Kegiatan yang digelar Dinas Pendidikan (Disdik) Kota Solo ini mengusung tema Capai Kompetensi, Raih Prestasi.
Acara yang juga dimeriahkan Happy Asmara ini menjadi wadah bagi lembaga pendidikan nonformal untuk menunjukkan karya mereka.
Wakil Walikota Surakarta Teguh Prakosa mengatakan PNF Fest digelar dengan tujuan unjuk hasil karya serta memperkenalkan hasil pendidikan non formal di Solo.
“PNF ini ya biar masyarakat paham bahwa pendidikan itu tak hanya formal saja seperti matematika dan lain sebagainya. Pendidikan Nonformal ini mempersiapkan anak didik agar mampu bersaing di dunia kerja,” ucap Teguh.
Rangkaian acara diantaranya pameran dari lembaga kursus dan pelatihan [LKP] dan Pusat Kegiatan Belajar Masyarakat [PKBM] juga ada job fair bagi para peserta didik di lembaga PNF.
“Inti dari acaranya sebenarnya untuk memperkenalkan bagaimana hasil produk pendidikan nonformal di Solo,” tambah Dian Rineta, Kepala Dinas Pendidikan Kota Solo.
Sebagai ajang menunjukkan karya, PMI Kota Surakarta juga turut bergabung dalam acara tersebut.p
Dalam kegiatan ini, PMI Solo membawa 1 team dari Laboratorium Klinik PMI Kota Surakarta untuk membuka stand pemeriksaan laboratorium.
“PMI Solo keren banget ini, stand PMI Solo ini membuat saya sadar yaa bahwa kesehatan itu memang penting banget buat dijaga.
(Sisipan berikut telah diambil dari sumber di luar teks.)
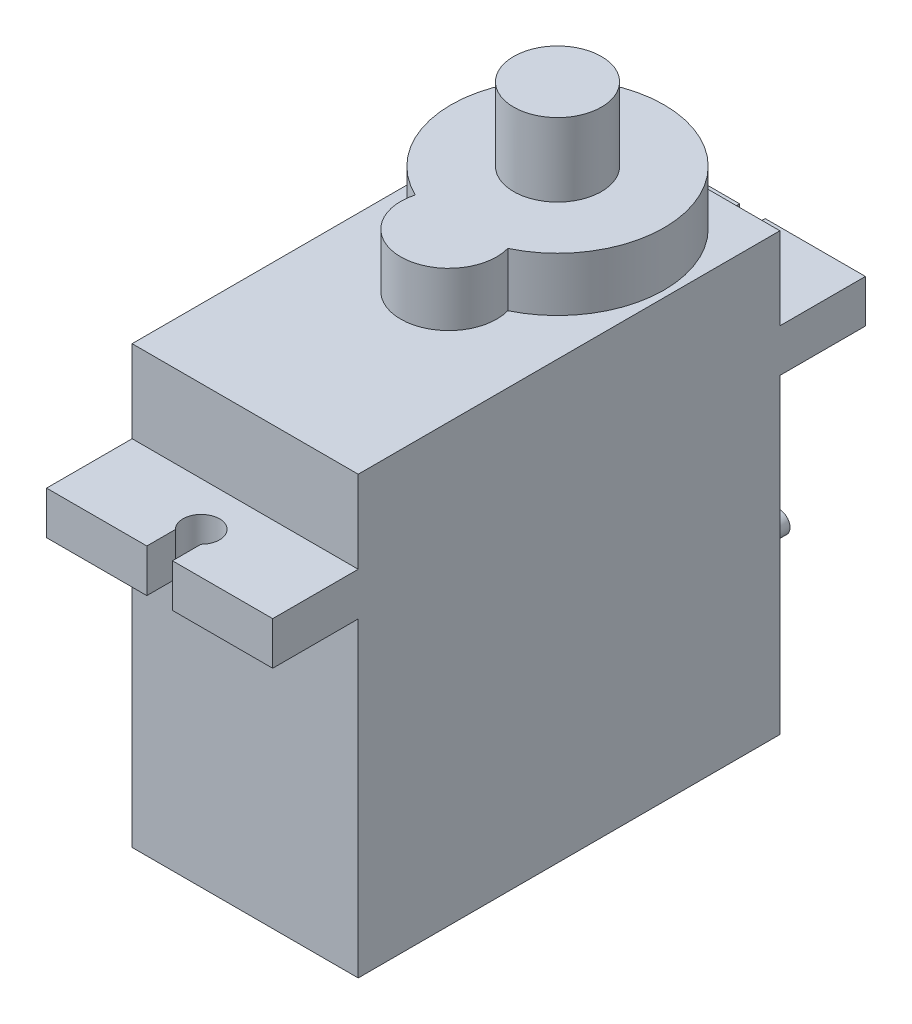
from build123d import *

# Parameters (mm, degrees)
ESQUISSE1_W             = 12.36
ESQUISSE1_H             = 23.05
BOSS_EXTRU_1_DEPTH      = 17
ESQUISSE2_W             = 12.36
ESQUISSE2_H             = 32.4
BOSS_EXTRU_2_DEPTH      = 2.35
ENL_V_MAT_EXTRU_1_DEPTH = 35.369907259
ESQUISSE4_W             = 12.36
ESQUISSE4_H             = 23.05
BOSS_EXTRU_3_DEPTH      = 4.5
BOSS_EXTRU_4_DEPTH      = 2.95
ESQUISSE6_R             = 2.4
BOSS_EXTRU_5_DEPTH      = 4
ESQUISSE7_R             = 0.575
BOSS_EXTRU_6_DEPTH      = 5


with BuildPart() as part:
    # Esquisse1 → Boss.-Extru.1 (new body)
    with BuildSketch(Plane(origin=(0, 0, 0), x_dir=(1, 0, 0), z_dir=(0, 1, 0))):
        with Locations((0, 11.525)):
            Rectangle(ESQUISSE1_W, ESQUISSE1_H)
    extrude(amount=BOSS_EXTRU_1_DEPTH)

    # Esquisse2 → Boss.-Extru.2 (add)
    with BuildSketch(Plane(origin=(0, 17, 0), x_dir=(1, 0, 0), z_dir=(0, 1, 0))):
        with Locations((0, 11.525)):
            Rectangle(ESQUISSE2_W, ESQUISSE2_H)
    extrude(amount=BOSS_EXTRU_2_DEPTH)

    # Esquisse3 → Enl_v. mat.-Extru.1 (cut, through all)
    with BuildSketch(Plane(origin=(0, 19.35, 0), x_dir=(1, 0, 0), z_dir=(0, 1, 0))):
        with BuildLine():
            Line((-0.7, 27.725), (0.7, 27.725))
            Line((0.7, 27.725), (0.7, 26.164142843))
            ThreePointArc((0.7, 26.164142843), (0, 24.45), (-0.7, 26.164142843))
            Line((-0.7, 26.164142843), (-0.7, 27.725))
        make_face()
        with BuildLine():
            Line((-0.7, -4.675), (0.7, -4.675))
            Line((0.7, -4.675), (0.7, -3.114142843))
            ThreePointArc((0.7, -3.114142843), (0, -1.4), (-0.7, -3.114142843))
            Line((-0.7, -3.114142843), (-0.7, -4.675))
        make_face()
    extrude(amount=-ENL_V_MAT_EXTRU_1_DEPTH, mode=Mode.SUBTRACT)

    # Esquisse4 → Boss.-Extru.3 (add)
    with BuildSketch(Plane(origin=(0, 19.35, 0), x_dir=(1, 0, 0), z_dir=(0, 1, 0))):
        with Locations((0, 11.525)):
            Rectangle(ESQUISSE4_W, ESQUISSE4_H)
    extrude(amount=BOSS_EXTRU_3_DEPTH)

    # Esquisse5 → Boss.-Extru.4 (add)
    with BuildSketch(Plane(origin=(0, 23.85, 0), x_dir=(1, 0, 0), z_dir=(0, 1, 0))):
        with BuildLine():
            ThreePointArc((2.52918841, 11.827731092), (0, 22.9), (-2.52918841, 11.827731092))
            ThreePointArc((-2.52918841, 11.827731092), (0, 8.5), (2.52918841, 11.827731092))
        make_face()
    extrude(amount=BOSS_EXTRU_4_DEPTH)

    # Esquisse6 → Boss.-Extru.5 (add)
    with BuildSketch(Plane(origin=(0, 26.8, 0), x_dir=(1, 0, 0), z_dir=(0, 1, 0))):
        with Locations(Location((0, 17.075, 0), (0, 0, 90))):
            Circle(ESQUISSE6_R)
    extrude(amount=BOSS_EXTRU_5_DEPTH)

    # Esquisse7 → Boss.-Extru.6 (add)
    with BuildSketch(Plane.XY.offset(-23.05)):
        with Locations((-1.16, 5.075)):
            Circle(ESQUISSE7_R)
        with Locations((0, 5.075)):
            Circle(ESQUISSE7_R)
        with Locations((1.16, 5.075)):
            Circle(ESQUISSE7_R)
    extrude(amount=-BOSS_EXTRU_6_DEPTH)


solid = part.part
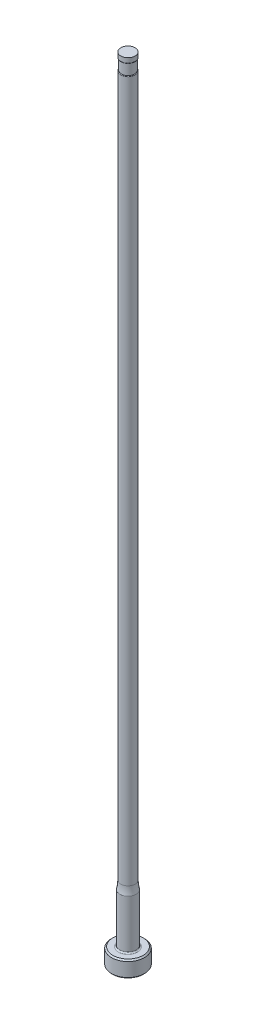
ISO-10303-21;
HEADER;
FILE_DESCRIPTION(('STEP AP214'),'2;1');
FILE_NAME('part.step','',(''),(''),'','','');
FILE_SCHEMA(('AUTOMOTIVE_DESIGN { 1 0 10303 214 1 1 1 1 }'));
ENDSEC;
DATA;
#1=APPLICATION_CONTEXT('core data for automotive mechanical design processes');
#2=APPLICATION_PROTOCOL_DEFINITION('international standard','automotive_design',2000,#1);
#3=PRODUCT_CONTEXT('',#1,'mechanical');
#4=PRODUCT('Part','Part','',(#3));
#5=PRODUCT_RELATED_PRODUCT_CATEGORY('part','',(#4));
#6=PRODUCT_DEFINITION_FORMATION('','',#4);
#7=PRODUCT_DEFINITION_CONTEXT('part definition',#1,'design');
#8=PRODUCT_DEFINITION('design','',#6,#7);
#9=PRODUCT_DEFINITION_SHAPE('','',#8);
#10=(LENGTH_UNIT() NAMED_UNIT(*) SI_UNIT(.MILLI.,.METRE.));
#11=(NAMED_UNIT(*) PLANE_ANGLE_UNIT() SI_UNIT($,.RADIAN.));
#12=(NAMED_UNIT(*) SI_UNIT($,.STERADIAN.) SOLID_ANGLE_UNIT());
#13=UNCERTAINTY_MEASURE_WITH_UNIT(LENGTH_MEASURE(1.E-05),#10,'distance_accuracy_value','');
#14=(GEOMETRIC_REPRESENTATION_CONTEXT(3) GLOBAL_UNCERTAINTY_ASSIGNED_CONTEXT((#13)) GLOBAL_UNIT_ASSIGNED_CONTEXT((#10,
#11,#12)) REPRESENTATION_CONTEXT('',''));
#15=CARTESIAN_POINT('',(0.,0.,0.));
#16=DIRECTION('',(0.,0.,1.));
#17=DIRECTION('',(1.,0.,0.));
#18=AXIS2_PLACEMENT_3D('',#15,#16,#17);
#19=CARTESIAN_POINT('',(0.,259.958771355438,0.));
#20=DIRECTION('',(0.,1.,0.));
#21=DIRECTION('',(0.,0.,1.));
#22=AXIS2_PLACEMENT_3D('',#19,#20,#21);
#23=CYLINDRICAL_SURFACE('',#22,1.38810999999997);
#24=DIRECTION('',(0.,1.,0.));
#25=VECTOR('',#24,1.);
#26=CARTESIAN_POINT('',(-1.28650999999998,259.958771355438,-0.521288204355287));
#27=LINE('',#26,#25);
#28=CARTESIAN_POINT('',(-1.28650999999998,149.227565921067,-0.521288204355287));
#29=VERTEX_POINT('',#28);
#30=CARTESIAN_POINT('',(-1.28650999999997,112.268,-0.521288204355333));
#31=VERTEX_POINT('',#30);
#32=EDGE_CURVE('E66',#29,#31,#27,.F.);
#33=ORIENTED_EDGE('',*,*,#32,.F.);
#34=CARTESIAN_POINT('',(0.,149.227565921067,0.));
#35=DIRECTION('',(0.,1.,0.));
#36=DIRECTION('',(0.,0.,1.));
#37=AXIS2_PLACEMENT_3D('',#34,#35,#36);
#38=CIRCLE('',#37,1.38810999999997);
#39=CARTESIAN_POINT('',(-1.28650999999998,149.227565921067,0.521288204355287));
#40=VERTEX_POINT('',#39);
#41=EDGE_CURVE('E44',#29,#40,#38,.F.);
#42=ORIENTED_EDGE('',*,*,#41,.T.);
#43=DIRECTION('',(0.,1.,0.));
#44=VECTOR('',#43,1.);
#45=CARTESIAN_POINT('',(-1.28650999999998,259.958771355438,0.521288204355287));
#46=LINE('',#45,#44);
#47=CARTESIAN_POINT('',(-1.28650999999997,112.268,0.521288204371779));
#48=VERTEX_POINT('',#47);
#49=EDGE_CURVE('E72',#48,#40,#46,.T.);
#50=ORIENTED_EDGE('',*,*,#49,.F.);
#51=CARTESIAN_POINT('',(-1.28650999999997,112.268,-0.521288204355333));
#52=CARTESIAN_POINT('',(-1.28650942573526,112.242928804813,-0.521284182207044));
#53=CARTESIAN_POINT('',(-1.28680726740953,112.217865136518,-0.520555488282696));
#54=CARTESIAN_POINT('',(-1.28799191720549,112.167826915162,-0.517619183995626));
#55=CARTESIAN_POINT('',(-1.28887900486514,112.142852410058,-0.515410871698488));
#56=CARTESIAN_POINT('',(-1.29243982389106,112.067619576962,-0.506452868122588));
#57=CARTESIAN_POINT('',(-1.29601290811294,112.017650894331,-0.49736839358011));
#58=CARTESIAN_POINT('',(-1.30530992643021,111.919479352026,-0.472434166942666));
#59=CARTESIAN_POINT('',(-1.31103961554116,111.871281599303,-0.456566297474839));
#60=CARTESIAN_POINT('',(-1.32412375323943,111.778513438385,-0.417110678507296));
#61=CARTESIAN_POINT('',(-1.33146964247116,111.733925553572,-0.393563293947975));
#62=CARTESIAN_POINT('',(-1.34350828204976,111.668593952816,-0.349438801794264));
#63=CARTESIAN_POINT('',(-1.34799903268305,111.645780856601,-0.331865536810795));
#64=CARTESIAN_POINT('',(-1.35686421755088,111.60296367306,-0.29352417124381));
#65=CARTESIAN_POINT('',(-1.36123876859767,111.582956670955,-0.272759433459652));
#66=CARTESIAN_POINT('',(-1.36869665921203,111.550112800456,-0.232084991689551));
#67=CARTESIAN_POINT('',(-1.37186978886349,111.536633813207,-0.212714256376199));
#68=CARTESIAN_POINT('',(-1.37757131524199,111.51295318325,-0.171955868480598));
#69=CARTESIAN_POINT('',(-1.38010004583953,111.502749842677,-0.150569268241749));
#70=CARTESIAN_POINT('',(-1.38424028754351,111.486264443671,-0.105984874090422));
#71=CARTESIAN_POINT('',(-1.38584269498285,111.480021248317,-0.0827715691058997));
#72=CARTESIAN_POINT('',(-1.3878558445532,111.472203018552,-0.0355242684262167));
#73=CARTESIAN_POINT('',(-1.38826785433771,111.470623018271,-0.0114911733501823));
#74=CARTESIAN_POINT('',(-1.38787374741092,111.472145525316,0.0326639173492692));
#75=CARTESIAN_POINT('',(-1.38724652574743,111.474560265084,0.0528147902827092));
#76=CARTESIAN_POINT('',(-1.38517272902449,111.482639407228,0.0924056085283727));
#77=CARTESIAN_POINT('',(-1.38372605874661,111.488304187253,0.111845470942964));
#78=CARTESIAN_POINT('',(-1.38015682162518,111.502532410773,0.149590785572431));
#79=CARTESIAN_POINT('',(-1.37803307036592,111.511100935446,0.167894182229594));
#80=CARTESIAN_POINT('',(-1.37329208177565,111.530682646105,0.203060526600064));
#81=CARTESIAN_POINT('',(-1.3706746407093,111.541696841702,0.219922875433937));
#82=CARTESIAN_POINT('',(-1.36363743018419,111.572179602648,0.260714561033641));
#83=CARTESIAN_POINT('',(-1.35900359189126,111.593015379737,0.283587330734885));
#84=CARTESIAN_POINT('',(-1.34954115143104,111.638071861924,0.325660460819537));
#85=CARTESIAN_POINT('',(-1.34471211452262,111.662300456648,0.344852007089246));
#86=CARTESIAN_POINT('',(-1.3331073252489,111.724742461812,0.387781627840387));
#87=CARTESIAN_POINT('',(-1.32644843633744,111.764293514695,0.409600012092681));
#88=CARTESIAN_POINT('',(-1.31433631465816,111.846492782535,0.446935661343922));
#89=CARTESIAN_POINT('',(-1.3088875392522,111.889151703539,0.462429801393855));
#90=CARTESIAN_POINT('',(-1.29848168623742,111.987173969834,0.491004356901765));
#91=CARTESIAN_POINT('',(-1.29398787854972,112.043047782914,0.50251359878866));
#92=CARTESIAN_POINT('',(-1.2895011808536,112.127377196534,0.513856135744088));
#93=CARTESIAN_POINT('',(-1.28838136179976,112.155428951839,0.516650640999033));
#94=CARTESIAN_POINT('',(-1.28688584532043,112.211649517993,0.520362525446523));
#95=CARTESIAN_POINT('',(-1.28650943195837,112.239818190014,0.521281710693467));
#96=CARTESIAN_POINT('',(-1.28650999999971,112.267999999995,0.521288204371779));
#97=B_SPLINE_CURVE_WITH_KNOTS('',3,(#51,#52,#53,#54,#55,#56,#57,#58,#59,#60,#61,#62,#63,#64,#65,
#66,#67,#68,#69,#70,#71,#72,#73,#74,#75,#76,#77,#78,#79,#80,#81,#82,#83,#84,#85,#86,#87,#88,#89,
#90,#91,#92,#93,#94,#95,#96),.UNSPECIFIED.,.F.,.F.,(4,2,2,2,2,2,2,2,2,2,2,2,2,2,2,2,2,2,2,2,2,2,
4),(0.,0.0751855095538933,0.15040671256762,0.30263293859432,0.455268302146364,0.607113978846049,
0.694309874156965,0.781414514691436,0.852578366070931,0.923705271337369,0.99551980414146,
1.06725783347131,1.12787752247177,1.18850425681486,1.2492376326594,1.30999612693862,
1.40332110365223,1.49686681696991,1.63308593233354,1.76979877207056,1.94068119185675,
2.02526314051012,2.10976359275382),.UNSPECIFIED.);
#98=EDGE_CURVE('E74',#31,#48,#97,.T.);
#99=ORIENTED_EDGE('',*,*,#98,.F.);
#100=EDGE_LOOP('',(#33,#42,#50,#99));
#101=FACE_BOUND('',#100,.T.);
#102=CARTESIAN_POINT('',(0.,14.2787642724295,0.));
#103=DIRECTION('',(0.,1.,0.));
#104=DIRECTION('',(0.,0.,1.));
#105=AXIS2_PLACEMENT_3D('',#102,#103,#104);
#106=CIRCLE('',#105,1.38810999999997);
#107=CARTESIAN_POINT('',(0.,14.2787642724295,1.38810999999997));
#108=VERTEX_POINT('',#107);
#109=EDGE_CURVE('E95',#108,#108,#106,.T.);
#110=ORIENTED_EDGE('',*,*,#109,.T.);
#111=EDGE_LOOP('',(#110));
#112=FACE_BOUND('',#111,.T.);
#113=ADVANCED_FACE('F36',(#101,#112),#23,.T.);
#114=CARTESIAN_POINT('',(0.,14.2787642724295,0.));
#115=DIRECTION('',(0.,1.,0.));
#116=DIRECTION('',(0.,0.,1.));
#117=AXIS2_PLACEMENT_3D('',#114,#115,#116);
#118=TOROIDAL_SURFACE('',#117,7.73810999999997,6.35);
#119=CARTESIAN_POINT('',(0.,12.7,0.));
#120=DIRECTION('',(0.,1.,0.));
#121=DIRECTION('',(0.,0.,1.));
#122=AXIS2_PLACEMENT_3D('',#119,#120,#121);
#123=CIRCLE('',#122,1.58749999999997);
#124=CARTESIAN_POINT('',(0.,12.7,1.58749999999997));
#125=VERTEX_POINT('',#124);
#126=EDGE_CURVE('E92',#125,#125,#123,.T.);
#127=ORIENTED_EDGE('',*,*,#126,.T.);
#128=EDGE_LOOP('',(#127));
#129=FACE_BOUND('',#128,.T.);
#130=ORIENTED_EDGE('',*,*,#109,.F.);
#131=EDGE_LOOP('',(#130));
#132=FACE_BOUND('',#131,.T.);
#133=ADVANCED_FACE('F156',(#129,#132),#118,.F.);
#134=CARTESIAN_POINT('',(0.,259.958771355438,0.));
#135=DIRECTION('',(0.,1.,0.));
#136=DIRECTION('',(0.,0.,1.));
#137=AXIS2_PLACEMENT_3D('',#134,#135,#136);
#138=CYLINDRICAL_SURFACE('',#137,1.58749999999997);
#139=CARTESIAN_POINT('',(0.,3.42900000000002,0.));
#140=DIRECTION('',(0.,1.,0.));
#141=DIRECTION('',(0.,0.,1.));
#142=AXIS2_PLACEMENT_3D('',#139,#140,#141);
#143=CIRCLE('',#142,1.58749999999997);
#144=CARTESIAN_POINT('',(0.,3.42900000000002,1.58749999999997));
#145=VERTEX_POINT('',#144);
#146=EDGE_CURVE('E110',#145,#145,#143,.T.);
#147=ORIENTED_EDGE('',*,*,#146,.T.);
#148=EDGE_LOOP('',(#147));
#149=FACE_BOUND('',#148,.T.);
#150=ORIENTED_EDGE('',*,*,#126,.F.);
#151=EDGE_LOOP('',(#150));
#152=FACE_BOUND('',#151,.T.);
#153=ADVANCED_FACE('F153',(#149,#152),#138,.T.);
#154=CARTESIAN_POINT('',(-3.17499999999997,3.175,0.));
#155=DIRECTION('',(0.,1.,0.));
#156=DIRECTION('',(0.,0.,1.));
#157=AXIS2_PLACEMENT_3D('',#154,#155,#156);
#158=PLANE('',#157);
#159=CARTESIAN_POINT('',(0.,3.175,0.));
#160=DIRECTION('',(0.,1.,0.));
#161=DIRECTION('',(0.,0.,1.));
#162=AXIS2_PLACEMENT_3D('',#159,#160,#161);
#163=CIRCLE('',#162,1.84149999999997);
#164=CARTESIAN_POINT('',(0.,3.175,1.84149999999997));
#165=VERTEX_POINT('',#164);
#166=EDGE_CURVE('E78',#165,#165,#163,.F.);
#167=ORIENTED_EDGE('',*,*,#166,.T.);
#168=EDGE_LOOP('',(#167));
#169=FACE_BOUND('',#168,.T.);
#170=CARTESIAN_POINT('',(0.,3.175,0.));
#171=DIRECTION('',(0.,1.,0.));
#172=DIRECTION('',(0.,0.,1.));
#173=AXIS2_PLACEMENT_3D('',#170,#171,#172);
#174=CIRCLE('',#173,2.92099999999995);
#175=CARTESIAN_POINT('',(0.,3.175,2.92099999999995));
#176=VERTEX_POINT('',#175);
#177=EDGE_CURVE('E98',#176,#176,#174,.T.);
#178=ORIENTED_EDGE('',*,*,#177,.T.);
#179=EDGE_LOOP('',(#178));
#180=FACE_BOUND('',#179,.T.);
#181=ADVANCED_FACE('F149',(#169,#180),#158,.T.);
#182=CARTESIAN_POINT('',(0.,259.958771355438,0.));
#183=DIRECTION('',(0.,1.,0.));
#184=DIRECTION('',(0.,0.,1.));
#185=AXIS2_PLACEMENT_3D('',#182,#183,#184);
#186=CYLINDRICAL_SURFACE('',#185,3.17499999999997);
#187=CARTESIAN_POINT('',(0.,2.92100000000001,0.));
#188=DIRECTION('',(0.,1.,0.));
#189=DIRECTION('',(0.,0.,1.));
#190=AXIS2_PLACEMENT_3D('',#187,#188,#189);
#191=CIRCLE('',#190,3.17499999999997);
#192=CARTESIAN_POINT('',(0.,2.92100000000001,3.17499999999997));
#193=VERTEX_POINT('',#192);
#194=EDGE_CURVE('E104',#193,#193,#191,.F.);
#195=ORIENTED_EDGE('',*,*,#194,.T.);
#196=EDGE_LOOP('',(#195));
#197=FACE_BOUND('',#196,.T.);
#198=CARTESIAN_POINT('',(0.,0.254000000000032,0.));
#199=DIRECTION('',(0.,-1.,0.));
#200=DIRECTION('',(0.,0.,-1.));
#201=AXIS2_PLACEMENT_3D('',#198,#199,#200);
#202=CIRCLE('',#201,3.17499999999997);
#203=CARTESIAN_POINT('',(0.,0.254000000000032,-3.17499999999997));
#204=VERTEX_POINT('',#203);
#205=EDGE_CURVE('E101',#204,#204,#202,.F.);
#206=ORIENTED_EDGE('',*,*,#205,.T.);
#207=EDGE_LOOP('',(#206));
#208=FACE_BOUND('',#207,.T.);
#209=ADVANCED_FACE('F145',(#197,#208),#186,.T.);
#210=CARTESIAN_POINT('',(0.,0.,0.));
#211=DIRECTION('',(0.,-1.,0.));
#212=DIRECTION('',(0.,0.,-1.));
#213=AXIS2_PLACEMENT_3D('',#210,#211,#212);
#214=PLANE('',#213);
#215=CARTESIAN_POINT('',(0.,0.,0.));
#216=DIRECTION('',(0.,-1.,0.));
#217=DIRECTION('',(0.,0.,-1.));
#218=AXIS2_PLACEMENT_3D('',#215,#216,#217);
#219=CIRCLE('',#218,2.92099999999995);
#220=CARTESIAN_POINT('',(0.,0.,-2.92099999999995));
#221=VERTEX_POINT('',#220);
#222=EDGE_CURVE('E107',#221,#221,#219,.T.);
#223=ORIENTED_EDGE('',*,*,#222,.T.);
#224=EDGE_LOOP('',(#223));
#225=FACE_BOUND('',#224,.T.);
#226=ADVANCED_FACE('F141',(#225),#214,.T.);
#227=CARTESIAN_POINT('',(0.,3.17499999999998,0.));
#228=DIRECTION('',(0.,-1.,0.));
#229=DIRECTION('',(0.,0.,-1.));
#230=AXIS2_PLACEMENT_3D('',#227,#228,#229);
#231=CONICAL_SURFACE('',#230,2.92099999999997,0.7853981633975);
#232=ORIENTED_EDGE('',*,*,#194,.F.);
#233=EDGE_LOOP('',(#232));
#234=FACE_BOUND('',#233,.T.);
#235=ORIENTED_EDGE('',*,*,#177,.F.);
#236=EDGE_LOOP('',(#235));
#237=FACE_BOUND('',#236,.T.);
#238=ADVANCED_FACE('F144',(#234,#237),#231,.T.);
#239=CARTESIAN_POINT('',(0.,0.254000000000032,0.));
#240=DIRECTION('',(0.,1.,0.));
#241=DIRECTION('',(0.,0.,1.));
#242=AXIS2_PLACEMENT_3D('',#239,#240,#241);
#243=CONICAL_SURFACE('',#242,3.17499999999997,0.785398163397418);
#244=ORIENTED_EDGE('',*,*,#222,.F.);
#245=EDGE_LOOP('',(#244));
#246=FACE_BOUND('',#245,.T.);
#247=ORIENTED_EDGE('',*,*,#205,.F.);
#248=EDGE_LOOP('',(#247));
#249=FACE_BOUND('',#248,.T.);
#250=ADVANCED_FACE('F245',(#246,#249),#243,.T.);
#251=CARTESIAN_POINT('',(0.,3.42900000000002,0.));
#252=DIRECTION('',(0.,1.,0.));
#253=DIRECTION('',(0.,0.,1.));
#254=AXIS2_PLACEMENT_3D('',#251,#252,#253);
#255=TOROIDAL_SURFACE('',#254,1.84149999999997,0.254);
#256=ORIENTED_EDGE('',*,*,#166,.F.);
#257=EDGE_LOOP('',(#256));
#258=FACE_BOUND('',#257,.T.);
#259=ORIENTED_EDGE('',*,*,#146,.F.);
#260=EDGE_LOOP('',(#259));
#261=FACE_BOUND('',#260,.T.);
#262=ADVANCED_FACE('F139',(#258,#261),#255,.F.);
#263=CARTESIAN_POINT('',(0.,153.448281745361,0.));
#264=DIRECTION('',(0.,1.,0.));
#265=DIRECTION('',(0.,0.,1.));
#266=AXIS2_PLACEMENT_3D('',#263,#264,#265);
#267=CYLINDRICAL_SURFACE('',#266,1.28650999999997);
#268=CARTESIAN_POINT('',(0.,151.384,0.));
#269=DIRECTION('',(0.,1.,0.));
#270=DIRECTION('',(0.,0.,1.));
#271=AXIS2_PLACEMENT_3D('',#268,#269,#270);
#272=CIRCLE('',#271,1.28650999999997);
#273=CARTESIAN_POINT('',(0.,151.384,1.28650999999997));
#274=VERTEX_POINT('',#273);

Banyak juga pemeriksaan laboratorium yang bisa dilakukan disini” ujar Lena salah satu pengunjung stand PMI Solo di PNF Fest.
Ditemui terpisah, salah satu dokter di PMI Surakarta dr. Arina Hidayati menyampaikan bahwa Laboratorium Klinik PMI Kota Surakarta hadir dan turut memeriahkan acara PNF Fest.
“Kami memang ingin menyediakan layanan pemeriksaan laboratorium disini agar masyarakat yang ingin segera cek kesehatan tidak perlu jauh – jauh datang sampai ke kantor PMI Solo. Jadi masyarakat bisa langsung melakukan pemeriksaan laboratorium disini,” terang dr. Arina.